**ABOUT THIS EXERCISE**
Filter the entries below, keeping every line that has the word "Continuous".

**DATA FOR THE TASK**
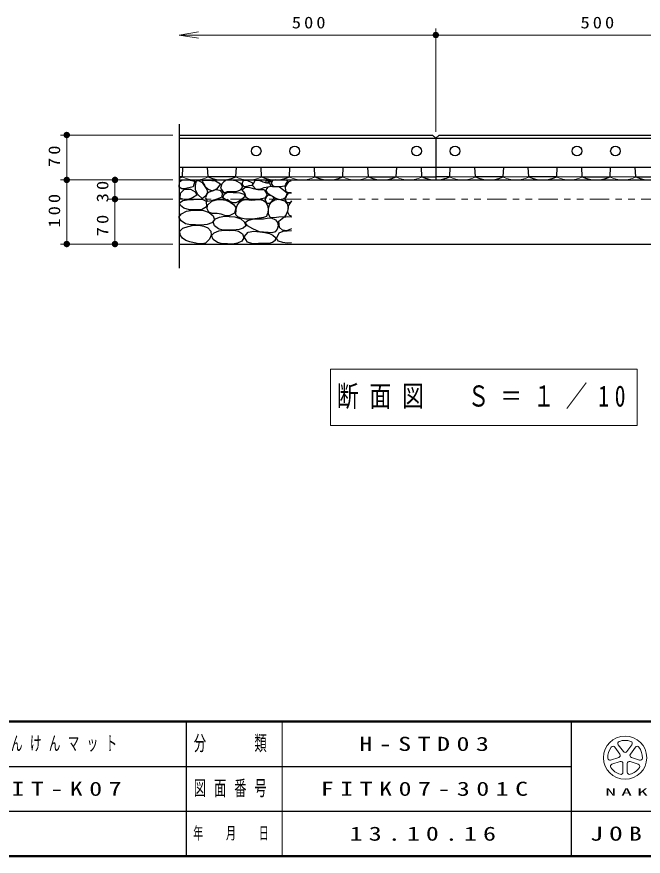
# Model space of a CAD drawing. Units: millimetres on the paper, with parts at other scales. Extents: x 55 to 420, y -5 to 257.
# Drawn here: x 263.6 to 361.3, y 0 to 130.9 of the extents above; entities that cross this region are included whole.
import ezdxf

# ---------------------------------------------------------------- set-up
doc = ezdxf.new("R2010")
doc.units = ezdxf.units.MM
doc.linetypes.add('USER3', pattern=[8, 3, -1, 1, -1, 1, -1])
doc.layers.add('LY_1', color=7, linetype='Continuous', lineweight=13)
doc.layers.add('LY_4', color=7, linetype='Continuous', lineweight=13)
doc.layers.add('LY_5', color=7, linetype='Continuous')
doc.styles.add('ＭＳ ゴシック', font='')
doc.styles.get('ＭＳ ゴシック').set_extended_font_data('MS Gothic')

# ---------------------------------------------------------------- blocks, each defined once
blk = doc.blocks.new('filled_dot')
at = {"color": 0, "linetype": 'Continuous', "lineweight": -2, "const_width": 1.25}
blk.add_lwpolyline([(-0.625, 0, 1), (0.625, 0, 1)], format="xyb", close=True, dxfattribs=at)
blk = doc.blocks.new('open_arrow')
at = {"color": 0, "linetype": 'Continuous', "lineweight": -2}
blk.add_lwpolyline([(7.5, 1.25), (0, 0), (7.5, -1.25)], dxfattribs=at)

msp = doc.modelspace()

# ---------------------------------------------------------------- linework, layer by layer
at = {"layer": 'LY_1'}
for p, q in [((328.927, 112.958), (328.927, 129.054)), ((288.927, 128.054), (328.927, 128.054)), ((328.927, 128.054), (378.927, 128.054)), ((287.927, 112.458), (270.399, 112.458)), ((271.399, 105.458), (271.399, 112.458)), ((287.927, 105.458), (270.399, 105.458)), ((271.399, 95.458), (271.399, 105.458)), ((278.913, 102.458), (278.913, 105.458)), ((293.422, 105.958), (289.431, 105.958)), ((301.755, 105.958), (297.765, 105.958)), ((306.098, 105.958), (310.089, 105.958)), ((314.431, 105.958), (318.422, 105.958)), ((322.765, 105.958), (326.755, 105.958)), ((335.089, 105.958), (331.098, 105.958)), ((343.422, 105.958), (339.431, 105.958)), ((351.755, 105.958), (347.765, 105.958)), ((356.098, 105.958), (360.089, 105.958)), ((287.927, 102.458), (277.913, 102.458)), ((278.913, 95.458), (278.913, 102.458)), ((287.927, 95.458), (270.399, 95.458)), ((312.527, 75.962), (312.527, 67.162)), ((360.327, 75.962), (312.527, 75.962)), ((360.327, 67.162), (360.327, 75.962)), ((312.527, 67.162), (360.327, 67.162))]:
    msp.add_line(p, q, dxfattribs=at)
at = {"layer": 'LY_1', "lineweight": 25}
for p, q in [((288.927, 114.168), (288.927, 91.718)), ((288.927, 112.458), (328.427, 112.458)), ((288.927, 111.958), (328.927, 111.958)), ((328.427, 112.458), (328.927, 111.958)), ((328.927, 111.958), (329.427, 112.458)), ((328.927, 111.958), (378.927, 111.958)), ((328.927, 111.958), (328.927, 107.458)), ((329.427, 112.458), (378.427, 112.458)), ((288.927, 107.458), (328.927, 107.458)), ((289.431, 105.96), (289.51, 107.458)), ((293.422, 105.96), (293.343, 107.458)), ((297.765, 105.96), (297.843, 107.458)), ((301.755, 105.96), (301.677, 107.458)), ((306.098, 105.96), (306.177, 107.458)), ((310.088, 105.96), (310.01, 107.458)), ((314.431, 105.96), (314.51, 107.458)), ((318.422, 105.96), (318.343, 107.458)), ((322.765, 105.96), (322.843, 107.458)), ((326.755, 105.96), (326.677, 107.458)), ((328.927, 107.458), (378.927, 107.458)), ((328.927, 107.458), (328.927, 105.458)), ((331.098, 105.96), (331.177, 107.458)), ((335.088, 105.96), (335.01, 107.458)), ((339.431, 105.96), (339.51, 107.458)), ((343.422, 105.96), (343.343, 107.458)), ((347.765, 105.96), (347.843, 107.458)), ((351.755, 105.96), (351.677, 107.458)), ((356.098, 105.96), (356.177, 107.458)), ((360.088, 105.96), (360.01, 107.458)), ((289.431, 105.958), (288.927, 105.958)), ((288.927, 105.458), (378.927, 105.458)), ((297.765, 105.958), (293.422, 105.958)), ((301.755, 105.958), (306.098, 105.958)), ((310.089, 105.958), (314.431, 105.958)), ((318.422, 105.958), (322.765, 105.958)), ((326.755, 105.958), (328.927, 105.958)), ((331.098, 105.958), (328.927, 105.958)), ((339.431, 105.958), (335.089, 105.958)), ((347.765, 105.958), (343.422, 105.958)), ((351.755, 105.958), (356.098, 105.958)), ((360.089, 105.958), (364.431, 105.958)), ((288.927, 95.458), (378.927, 95.458))]:
    msp.add_line(p, q, dxfattribs=at)
at = {"layer": 'LY_1', "linetype": 'USER3'}
msp.add_line((288.927, 102.458), (378.927, 102.458), dxfattribs=at)
at = {"layer": 'LY_1', "lineweight": 25}
for points in [[(289.922, 104.061), (289.348, 104.061), (288.946, 104.348), (288.975, 105.152), (289.406, 105.468), (289.987, 105.497), (290.64, 105.41), (291.358, 105.267), (291.099, 104.377), (290.439, 104.205), (289.463, 104.004)], [(292.564, 102.511), (291.846, 103.2), (291.473, 103.918), (291.444, 104.607), (291.616, 105.296), (291.932, 105.353), (292.503, 105.04), (292.937, 104.434), (293.237, 103.956), (293.339, 103.487), (293.023, 102.941), (292.564, 102.568)], [(292.965, 104.549), (292.564, 105.209), (292.736, 105.439), (293.454, 105.41), (294.018, 105.377), (294.602, 105.324), (295.348, 104.836), (294.774, 104.09), (294.114, 103.717), (293.482, 103.975), (292.965, 104.434)], [(296.296, 105.468), (295.865, 105.152), (295.578, 104.865), (295.377, 104.147), (295.865, 103.458), (296.468, 103.63), (297.148, 103.671), (297.875, 103.659), (298.502, 103.885), (298.822, 104.319), (298.535, 104.894), (297.731, 105.324), (296.956, 105.439), (296.324, 105.439)], [(299.482, 104.377), (299.023, 104.434), (298.736, 104.865), (298.966, 105.41), (299.482, 105.41), (300.372, 105.008), (300.286, 104.607), (299.798, 104.52), (299.511, 104.406), (299.396, 104.406)], [(300.86, 104.032), (300.372, 104.578), (300.487, 104.922), (300.774, 105.353), (301.377, 105.41), (301.971, 105.156), (302.554, 105.008), (303.014, 105.008), (303.214, 104.434), (302.813, 104.348), (302.124, 104.205), (301.578, 104.032), (301.033, 103.946), (300.946, 103.975)], [(302.497, 105.066), (302.497, 105.41), (303.272, 105.267), (303.071, 105.095), (302.87, 105.123), (302.698, 105.123)], [(303.903, 105.468), (303.444, 105.382), (303.301, 105.123), (303.301, 104.808), (303.502, 104.52), (303.875, 104.434), (304.621, 104.434), (305.454, 104.52), (305.569, 104.779), (305.856, 105.238), (305.655, 105.439), (304.736, 105.41), (303.875, 105.41)], [(306.401, 105.267), (305.942, 105.181), (305.683, 104.779), (305.454, 104.377), (305.511, 103.745), (305.77, 103.544), (306.085, 103.487), (306.372, 103.516)], [(289.894, 102.339), (289.09, 102.54), (289.118, 103.372), (289.744, 103.993), (290.669, 104.032), (291.439, 103.596), (291.674, 103.056), (291.013, 102.683), (290.442, 102.468), (289.894, 102.31)], [(293.999, 103.745), (293.597, 103.573), (293.31, 103.315), (293.023, 102.712), (293.281, 102.166), (294.028, 102.224), (294.832, 102.511), (295.635, 102.798), (295.664, 103.401), (295.406, 103.774), (294.745, 103.889), (294.233, 103.8), (293.769, 103.602)], [(296.382, 102.252), (295.75, 102.683), (295.951, 103.257), (296.439, 103.573), (297.358, 103.516), (297.831, 103.509), (298.363, 103.458), (298.983, 103.228), (299.224, 102.884), (298.908, 102.597), (298.277, 102.166), (297.76, 101.879), (297.329, 101.879), (296.813, 102.066), (296.382, 102.396)], [(299.942, 102.425), (299.368, 102.712), (299.167, 103.401), (298.707, 103.946), (298.822, 104.032), (299.167, 104.291), (299.762, 104.339), (300.45, 104.108), (301.176, 103.946), (302.152, 103.946), (302.612, 103.114), (302.267, 102.626), (301.779, 102.482), (301.262, 102.425), (300.774, 102.425), (300.085, 102.425), (299.97, 102.396)], [(303.214, 104.406), (302.755, 104.319), (302.439, 103.889), (302.64, 103.516), (302.985, 103.171), (303.473, 102.941), (303.875, 102.654), (304.478, 102.425), (305.109, 102.511), (305.626, 102.827), (305.741, 103.401), (305.052, 103.975), (304.564, 104.348), (303.99, 104.377), (303.444, 104.377), (303.272, 104.406)], [(306.2, 101.908), (305.827, 101.879), (305.626, 102.023), (305.368, 102.511), (305.54, 102.798), (305.942, 103.372), (306.43, 103.458)], [(297.753, 100.798), (297.978, 101.487), (298.303, 101.987), (298.745, 102.324), (299.428, 102.39), (300.163, 102.324), (300.78, 102.377), (301.396, 102.417), (301.938, 102.308), (302.395, 102.022), (302.744, 101.348), (302.802, 100.749), (302.698, 100.162)], [(303.071, 101.764), (302.698, 101.764), (302.525, 101.937), (302.325, 102.396), (302.583, 102.855), (302.87, 103.114), (303.358, 102.999), (303.674, 102.654), (303.53, 102.339), (303.214, 101.994), (303.014, 101.707)], [(306.451, 102.219), (305.931, 101.421), (305.832, 100.501), (306.08, 99.964), (306.402, 99.877)], [(297.753, 100.798), (297.676, 100.069), (298.012, 99.728), (298.536, 99.534), (299.327, 99.386), (300.07, 99.372), (300.723, 99.445), (301.396, 99.555), (302.116, 99.651), (302.581, 99.79), (302.698, 100.162)], [(306.427, 97.83), (305.658, 97.501), (305.034, 97.622), (304.543, 98.056), (304.469, 99.044), (305.237, 99.652), (305.851, 99.741), (306.476, 99.704)], [(306.427, 95.645), (305.77, 95.605), (305.064, 95.679), (304.43, 95.916), (304.073, 96.339), (304.519, 97.206), (305.112, 97.447), (305.758, 97.501), (306.427, 97.553)]]:
    msp.add_lwpolyline(points, dxfattribs=at)
for points in [[(291.46, 100.814), (290.538, 100.767), (289.627, 101.056), (289.153, 101.463), (288.958, 101.889), (289.514, 102.268), (290.519, 102.392), (291.142, 102.42), (291.733, 102.444), (292.528, 102.454), (293.145, 102.167), (293.17, 101.247), (292.427, 100.796)], [(296.044, 99.894), (295.472, 100.104), (294.855, 100.224), (294.137, 100.234), (293.542, 100.432), (293.289, 100.945), (293.343, 101.542), (294.037, 102.132), (294.751, 102.359), (295.474, 102.409), (296.188, 102.283), (296.887, 101.993), (297.409, 101.643), (297.729, 101.161), (297.531, 100.259), (296.689, 99.842)], [(305.361, 99.721), (304.444, 99.652), (303.723, 99.529), (303.131, 99.617), (302.851, 100.148), (302.834, 100.9), (302.986, 101.561), (303.329, 102.062), (303.839, 102.347), (304.444, 102.444), (305.336, 102.184), (305.736, 101.718), (305.906, 101.126), (305.824, 100.577), (305.584, 100.068)], [(291.46, 98.472), (290.708, 98.458), (289.924, 98.628), (289.21, 99.063), (288.883, 99.634), (289.274, 100.193), (290.073, 100.588), (290.994, 100.765), (291.857, 100.762), (292.735, 100.689), (293.616, 100.363), (294.222, 99.832), (294.434, 99.235), (294.016, 98.781), (293.269, 98.507), (292.323, 98.407)], [(296.391, 97.639), (295.704, 97.629), (295.028, 97.813), (294.443, 98.3), (294.235, 98.906), (294.578, 99.369), (295.202, 99.669), (295.961, 99.788), (296.689, 99.773), (297.619, 99.715), (298.547, 99.374), (299.112, 98.857), (299.29, 98.299), (298.916, 97.94), (298.274, 97.726), (297.285, 97.607)], [(301.435, 97.381), (300.95, 97.567), (300.403, 97.811), (299.579, 98.293), (299.231, 98.807), (299.634, 99.124), (300.347, 99.314), (301.244, 99.377), (302.049, 99.412), (302.64, 99.517), (303.248, 99.549), (303.945, 99.256), (304.238, 98.839), (304.336, 98.318), (304.215, 97.767), (303.89, 97.362), (303.369, 97.215), (302.774, 97.244), (302.088, 97.313)], [(291.981, 95.506), (291.272, 95.65), (290.568, 95.818), (289.98, 96.017), (289.453, 96.373), (289.084, 96.91), (289.007, 97.466), (289.495, 97.944), (290.32, 98.212), (291.174, 98.382), (291.963, 98.415), (292.749, 98.264), (293.395, 97.965), (293.839, 97.483), (293.902, 96.853), (293.666, 96.2), (293.021, 95.575), (292.523, 95.48)], [(296.466, 95.488), (295.697, 95.497), (294.905, 95.714), (294.23, 96.191), (293.963, 96.772), (294.354, 97.23), (295.078, 97.517), (295.975, 97.608), (296.812, 97.587), (297.489, 97.603), (298.175, 97.465), (298.775, 97.026), (299.018, 96.442), (298.683, 95.924), (298.027, 95.575), (297.229, 95.442)], [(303.945, 96.502), (303.862, 96.034), (303.466, 95.707), (302.885, 95.565), (302.071, 95.52), (301.295, 95.526), (300.426, 95.515), (299.594, 95.76), (299.064, 96.561), (299.65, 97.284), (300.562, 97.454), (301.519, 97.342), (302.298, 97.283), (303.025, 97.127), (303.5, 96.856)]]:
    msp.add_lwpolyline(points, close=True, dxfattribs=at)
for centre in [(300.927, 109.958), (306.927, 109.958), (325.927, 109.958), (331.927, 109.958), (350.927, 109.958), (356.927, 109.958)]:
    msp.add_circle(centre, 0.75, dxfattribs=at)
for centre, start, end in [((287.26, 110.405), 289.68792, 296.03639), ((295.593, 110.405), 243.96361, 296.03639), ((303.927, 110.405), 243.96361, 296.03639), ((312.26, 110.405), 243.96361, 296.03639), ((320.593, 110.405), 243.96361, 296.03639), ((328.927, 110.405), 243.96361, 270), ((328.927, 110.405), 270, 296.03639), ((337.26, 110.405), 243.96361, 296.03639), ((345.593, 110.405), 243.96361, 296.03639), ((353.927, 110.405), 243.96361, 296.03639), ((362.26, 110.405), 243.96361, 296.03639)]:
    msp.add_arc(centre, 4.947, start, end, dxfattribs=at)
at = {"layer": 'LY_1'}
for centre in [(291.427, 110.405), (299.76, 110.405), (308.093, 110.405), (316.427, 110.405), (324.76, 110.405), (333.093, 110.405), (341.427, 110.405), (349.76, 110.405), (358.093, 110.405)]:
    msp.add_arc(centre, 4.947, 245.09463, 294.90537, dxfattribs=at)
at = {"layer": 'LY_4', "lineweight": 50}
for p, q in [((55, 21), (420, 21)), ((55, 0), (420, 0))]:
    msp.add_line(p, q, dxfattribs=at)
at = {"layer": 'LY_4', "lineweight": 25}
for p, q in [((290, 21), (290, 0)), ((350, 21), (350, 0)), ((237.5, 14), (350, 14)), ((182.5, 7), (420, 7))]:
    msp.add_line(p, q, dxfattribs=at)
at = {"layer": 'LY_4'}
for p, q in [((305, 21), (305, 0)), ((357.371, 17.393), (358.156, 16.313)), ((358.702, 16.313), (359.487, 17.393)), ((357.61, 15.917), (356.825, 16.997)), ((360.033, 16.997), (359.248, 15.917)), ((356.172, 14.985), (357.441, 15.397)), ((357.65, 14.755), (356.38, 14.343)), ((358.092, 13.099), (358.092, 14.434)), ((358.767, 14.434), (358.767, 13.099)), ((360.478, 14.343), (359.208, 14.755)), ((359.417, 15.397), (360.687, 14.985))]:
    msp.add_line(p, q, dxfattribs=at)
msp.add_circle((358.429, 15.363), 3.375, dxfattribs=at)
for centre, radius, start, end in [((356.552, 16.798), 0.338, 35.99999, 142.60154), ((357.644, 17.592), 0.338, 109.39847, 215.99997), ((358.429, 15.363), 2.7, 70.60155, 109.39847), ((359.214, 17.592), 0.338, 324, 70.60155), ((360.306, 16.798), 0.338, 37.39846, 143.99995), ((358.429, 15.363), 2.7, 142.60154, 181.39846), ((357.337, 15.718), 0.338, 287.99998, 35.99999), ((358.429, 16.512), 0.338, 215.99998, 324), ((359.521, 15.718), 0.338, 143.99996, 251.99999), ((358.429, 15.363), 2.7, 358.60155, 37.39847), ((356.067, 15.306), 0.338, 181.39848, 287.99997), ((357.754, 14.434), 0.338, 359.99997, 107.99999), ((359.104, 14.434), 0.338, 71.99997, 179.99999), ((360.791, 15.306), 0.338, 252.00001, 358.60156), ((356.484, 14.022), 0.338, 107.99999, 214.60154), ((358.429, 15.363), 2.7, 214.60156, 253.39848), ((357.754, 13.099), 0.338, 253.39847, 359.99997), ((359.104, 13.099), 0.338, 179.99999, 286.60154), ((358.429, 15.363), 2.7, 286.60155, 325.39847), ((360.374, 14.022), 0.338, 325.39847, 71.99996)]:
    msp.add_arc(centre, radius, start, end, dxfattribs=at)

# ---------------------------------------------------------------- block references
at = {"layer": 'LY_1', "xscale": 0.4, "yscale": 0.4}
msp.add_blockref('open_arrow', (288.927, 128.054), dxfattribs=at)
for p, rotation in [((328.927, 128.054), 180), ((271.399, 112.458), 270), ((271.399, 105.458), 270), ((278.913, 105.458), 270), ((278.913, 102.458), 90), ((278.913, 102.458), 270), ((271.399, 95.458), 90), ((278.913, 95.458), 90)]:
    msp.add_blockref('filled_dot', p, dxfattribs=dict(at, rotation=rotation))

# ---------------------------------------------------------------- texts
at = {"layer": 'LY_1', "style": 'ＭＳ ゴシック'}
for s, insert, char_height, attachment_point in [('\\T1.33;\\W1.15;500', (309.343, 129.054), 1.833, 8), ('\\T1.33;\\W1.15;500', (354.343, 129.054), 1.833, 8), ('\\T1.51;\\W0.75;断面図\u3000Ｓ＝１／10', (336.427, 71.562), 3.299, 5)]:
    msp.add_mtext(s, dxfattribs=dict(at, insert=insert, char_height=char_height, attachment_point=attachment_point))
at = {"layer": 'LY_1', "char_height": 1.833, "attachment_point": 8, "rotation": 90, "style": 'ＭＳ ゴシック'}
for s, insert in [('\\T1.34;\\W1.15;70', (270.399, 109.386)), ('\\T1.34;\\W1.15;30', (277.913, 103.881)), ('\\T1.33;\\W1.15;100', (270.399, 100.887)), ('\\T1.34;\\W1.15;70', (277.913, 98.591))]:
    msp.add_mtext(s, dxfattribs=dict(at, insert=insert))
at = {"layer": 'LY_4', "attachment_point": 5, "style": 'ＭＳ ゴシック'}
for s, insert, char_height in [('\\T1.64;\\W0.6;分\u3000\u3000類', (297.5, 17.5), 2.346), ('\\T1.64;\\W0.6;図面番号', (297.5, 10.5), 2.346), ('\\T1.5;\\W2.2;NAKAMURA\\~MFG.CORPORATION', (385, 10), 1.1), ('\\T1.64;\\W0.6;年\u3000月\u3000日', (297.5, 3.5), 1.906), ('\\T1.5;\\W1.35;JOB', (357.5, 3.5), 2.199)]:
    msp.add_mtext(s, dxfattribs=dict(at, insert=insert, char_height=char_height))
at = {"layer": 'LY_5', "char_height": 2.199, "attachment_point": 4, "style": 'ＭＳ ゴシック'}
for s, insert in [('\\T1.64;\\W0.6;けんけんマット', (259.75, 17.5)), ('\\T1.5;\\W1.35;H-STD03', (317, 17.5)), ('\\T1.5;\\W1.35;FIT-K07', (259.75, 10.5)), ('\\T1.5;\\W1.35;FITK07-301C', (311, 10.5)), ('\\T1.47;\\W1.35;13.10.16', (315.5, 3.5))]:
    msp.add_mtext(s, dxfattribs=dict(at, insert=insert))

doc.saveas('drawing.dxf')

**ANSWER TO THIS TASK**
doc.layers.add('LY_1', color=7, linetype='Continuous', lineweight=13)
doc.layers.add('LY_4', color=7, linetype='Continuous', lineweight=13)
doc.layers.add('LY_5', color=7, linetype='Continuous')
at = {"color": 0, "linetype": 'Continuous', "lineweight": -2, "const_width": 1.25}
at = {"color": 0, "linetype": 'Continuous', "lineweight": -2}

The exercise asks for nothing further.